Parlez, Prouhèze ! que cette foule à votre insu qui nous entoure vous entende ! parlez et dites-nous ce qui charge votre cœur coupable !

DOÑA PROUHÈZE

Rodrigue !

L’IRRÉPRESSIBLE

Rodrigue ? Il est à la chasse. Je veux dire que son corps est bien là de l’autre côté de ces carreaux rougeoyants que vous surveillez à travers la cour,

Mais voilà bien des heures qu’en rêve il essaye de sortir de ce taillis inextricable qu’il entend se rompre et se froisser devant lui sous le poids d’une présence invisible :

« Est-ce vous ? » C’est en vain qu’il essaye votre nom à voix basse comme vous le sien tout à l’heure, rien ne répond.

Et tout à l’heure il débouchera dans cette clairière chenue d’arbres morts revêtus d’une mousse immémoriale.

Tout y est étrangement blanc sur le fond noir des sapins jusqu’à ce papillon qui s’est ouvert un moment dans un rayon de jour livide ; il n’y a personne.

DOÑA PROUHÈZE

Rodrigue !

L’IRRÉPRESSIBLE, allant à reculons vers la coulisse tout en maintenant les yeux sur Doña Prouhèze.

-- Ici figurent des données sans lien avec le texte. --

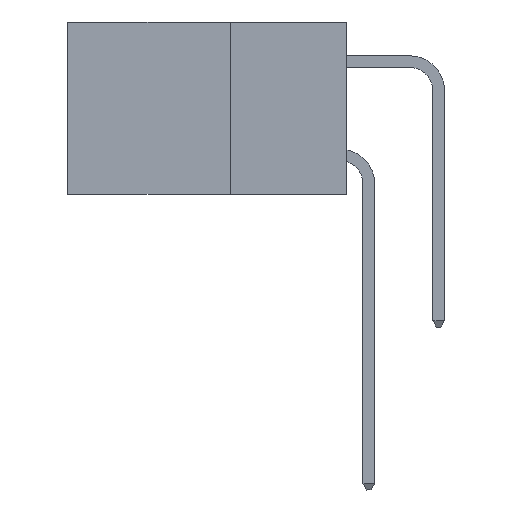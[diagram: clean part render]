
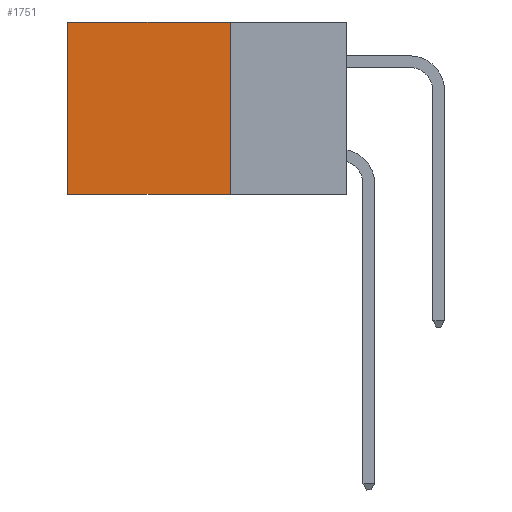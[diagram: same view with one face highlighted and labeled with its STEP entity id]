
A CAD part, left-side view. The second image highlights one B-rep face of the part: STEP entity #1751.
In plain terms, the highlighted planar face has unit normal (-1, 0, 0).
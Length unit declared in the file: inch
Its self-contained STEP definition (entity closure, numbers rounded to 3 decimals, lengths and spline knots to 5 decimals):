
#8 = DIRECTION ( 'NONE',  ( 0., 1., 0. ) ) ;
#408 = VERTEX_POINT ( 'NONE', #25837 ) ;
#820 = CARTESIAN_POINT ( 'NONE',  ( 0.2875, 0.25, -0.37 ) ) ;
#846 = VERTEX_POINT ( 'NONE', #19002 ) ;
#880 = FACE_OUTER_BOUND ( 'NONE', #23633, .T. ) ;
#1751 = ADVANCED_FACE ( 'NONE', ( #880 ), #26818, .F. ) ;
#1771 = VERTEX_POINT ( 'NONE', #12324 ) ;
#3113 = DIRECTION ( 'NONE',  ( 0., 0., -1. ) ) ;
#4030 = CARTESIAN_POINT ( 'NONE',  ( 0.2875, 0.25, 0. ) ) ;
#4594 = EDGE_CURVE ( 'NONE', #1771, #5830, #13624, .T. ) ;
#5017 = LINE ( 'NONE', #11598, #8546 ) ;
#5216 = VECTOR ( 'NONE', #19657, 39.37008 ) ;
#5830 = VERTEX_POINT ( 'NONE', #26468 ) ;
#8034 = CARTESIAN_POINT ( 'NONE',  ( 0.2875, 0.25, 0. ) ) ;
#8546 = VECTOR ( 'NONE', #11878, 39.37008 ) ;
#9437 = ORIENTED_EDGE ( 'NONE', *, *, #17806, .F. ) ;
#10472 = EDGE_CURVE ( 'NONE', #5830, #846, #19423, .T. ) ;
#11326 = CARTESIAN_POINT ( 'NONE',  ( 0.2875, 0.6, 0. ) ) ;
#11598 = CARTESIAN_POINT ( 'NONE',  ( 0.2875, 0.25, 0. ) ) ;
#11878 = DIRECTION ( 'NONE',  ( 0., 0., -1. ) ) ;
#12324 = CARTESIAN_POINT ( 'NONE',  ( 0.2875, 0.25, 0. ) ) ;
#13624 = LINE ( 'NONE', #8034, #25038 ) ;
#14179 = DIRECTION ( 'NONE',  ( 1., 0., 0. ) ) ;
#15277 = ORIENTED_EDGE ( 'NONE', *, *, #10472, .T. ) ;
#17806 = EDGE_CURVE ( 'NONE', #408, #846, #18508, .T. ) ;
#18508 = LINE ( 'NONE', #820, #5216 ) ;
#18568 = ORIENTED_EDGE ( 'NONE', *, *, #4594, .T. ) ;
#19002 = CARTESIAN_POINT ( 'NONE',  ( 0.2875, 0.6, -0.37 ) ) ;
#19423 = LINE ( 'NONE', #11326, #23628 ) ;
#19657 = DIRECTION ( 'NONE',  ( 0., 1., 0. ) ) ;
#20728 = EDGE_CURVE ( 'NONE', #1771, #408, #5017, .T. ) ;
#23628 = VECTOR ( 'NONE', #3113, 39.37008 ) ;
#23633 = EDGE_LOOP ( 'NONE', ( #15277, #9437, #25301, #18568 ) ) ;
#24120 = AXIS2_PLACEMENT_3D ( 'NONE', #4030, #14179, #26728 ) ;
#25038 = VECTOR ( 'NONE', #8, 39.37008 ) ;
#25301 = ORIENTED_EDGE ( 'NONE', *, *, #20728, .F. ) ;
#25837 = CARTESIAN_POINT ( 'NONE',  ( 0.2875, 0.25, -0.37 ) ) ;
#26468 = CARTESIAN_POINT ( 'NONE',  ( 0.2875, 0.6, 0. ) ) ;
#26728 = DIRECTION ( 'NONE',  ( 0., 0., -1. ) ) ;
#26818 = PLANE ( 'NONE',  #24120 ) ;

Approchez, maintenant, Honoria ! C’est le moment de vous montrer.

(Entre Doña Honoria.)

Que cette personne en peine sente son amour souffrant repris et enveloppé par votre amour maternel

Et votre cœur de mère qui s’explique avec son cœur d’amante.

(Les deux femmes s’enlacent.)

L’heure de l’épreuve approche ! Je n’ai qu’à dresser devant vous le cadre d’une fenêtre…

(Il fait signe aux machinistes qui dressent un cadre de fenêtre sur lequel les deux femmes viennent s’accouder un moment.)

… Et voyez aussitôt quel fatal morceau d’Espagne vient le remplir.

Ces montagnes couvertes d’une rude forêt, plus crasseuse que la laine d’un bison, la nuit lumineuse, les ailes de ce grand moulin à notre droite qui d’un coup à chaque seconde interrompent les rayons de la lune,

Et là-bas, par les chemins couverts, Don Pélage précédé de son valet monte pesamment vers vous.

(Pendant ce temps on a complété l’aménagement de la scène III.)

Tout est en ordre, venez.

Il sort emmenant Doña Prouhèze. Doña Honoria reste en scène près de Don Pélage qui est déjà entré.